Comment by Zigurd

6 days ago

Based on the code that it's good at, and the code that it's terrible at, you are exactly right about LLMs being shaped by their training material. If this is a fundamental limitation I really don't see general purpose LLMs progressing beyond their current status is idiot savants. They are confident in the face of not knowing what they don't know.

Your experience with Arabic in particular makes me think there's still a lot of training material to be mined in languages other than English. I suspect the reason that Arabic sounds 20 years ago is that there's a data labeling bottleneck in using foreign language material.

6 comments

Zigurd

parineum 6 days ago

I've had a suspicion for a bit that, since a large portion of the Internet is English and Chinese, that any other languages would have a much larger ratio of training material come from books.

I wouldn't be surprised if Arabic in particular had this issue and if Arabic also had a disproportionate amount of religious text as source material.

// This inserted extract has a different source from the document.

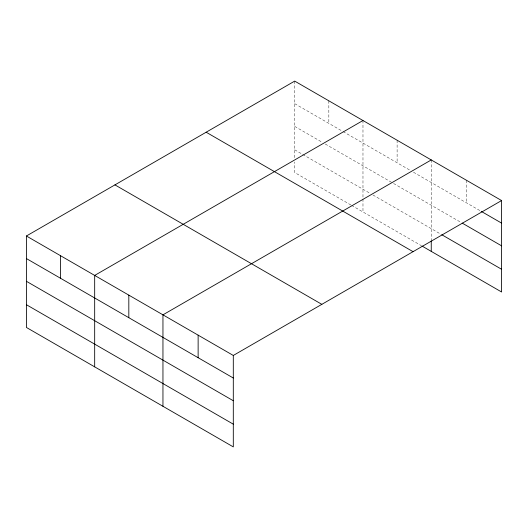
<?xml version="1.0" encoding="UTF-8"?>
<svg xmlns="http://www.w3.org/2000/svg" width="528" height="528" viewBox="0 0 528 528"><rect width="100%" height="100%" fill="white"/><g stroke="black" fill="none" stroke-linecap="round" stroke-linejoin="round"><path stroke-width="0.4" stroke-dasharray="2.64 1.98" d="M294.697 103.66L342.349 131.168M343.061 131.584L410.626 170.59M413.47 172.234L480.493 210.929M294.697 126.39L322.436 142.408M325.281 144.045L392.845 183.058M393.558 183.467L460.799 222.288M294.697 149.813L370.088 193.34M372.933 194.977L441.104 234.34M350.882 204.983L294.697 172.544L294.697 161.99M351.595 205.392L421.298 245.632M466.429 180.253L466.429 202.805M431.251 159.944L431.251 240.016M397.115 140.23L397.115 162.789M362.974 120.523L362.974 198.158M362.974 198.97L362.974 211.966M328.838 100.815L328.838 123.367M294.697 81.101L294.697 158.743"/><path stroke-width="0.79" d="M501.6 200.554L294.697 81.101L26.4 236.003L26.4 327.446L233.303 446.899L233.303 355.456L501.6 200.554L501.6 291.997L422.004 246.041M362.974 120.523L94.677 275.425L94.677 366.861M431.251 159.944L162.954 314.84L162.954 406.283M481.199 211.339L501.6 223.113M462.205 223.1L501.6 245.843M441.804 234.742L501.6 269.267M206.158 132.218L413.061 251.671M114.939 184.886L321.842 304.339M26.4 236.003L233.303 355.456M26.4 258.562L233.303 378.015M26.4 281.292L233.303 400.745M26.4 304.709L233.303 424.169M431.251 240.827L431.251 251.381M198.132 335.148L198.132 357.707M128.819 295.132L128.819 317.691M60.542 255.71L60.542 278.269"/></g></svg>

I bet you'd see something similar with Hebrew.

mentalgear 6 days ago
I think therein lies another fun benchmark to show that LLM don't generalize: ask the llm to solve the same logic riddle, only in different languages. If it can solve it in some languages, but not in others, it's a strong argument for just straightforward memorization and next token prediction vs true generalization capabilities.
- zahlman 6 days ago
  
  I would expect that the "classics" have all been thoroughly discussed on the Internet in all major languages by now. But if you could re-train a model from scratch and control its input, there are probably many theories you could test about the model's ability to connect bits of insight together.
Zigurd 6 days ago

While computer languages are different and significantly simpler than human languages, LLMs as coding agents don't seem phased by being told to implement in one language based on an example in another. Before they were general purpose chat bots, LLMs were used in language translation.
eshaham78 6 days ago

[dead]

harrall 6 days ago

Humans are also shaped by the training material… maybe all intelligence is.

Talk to people with extreme views and you realize they are actually rational, but the world they live in is not normal or typical. When you apply perfectly sound logic to a deformed foundation, the output is deformed. Even schizophrenic people are rational… Logic is never the problem, it’s always the training material.

Anyway that’s why we had to build a mathematical field of statistics and create tools like sample sizes and distributions to generalize.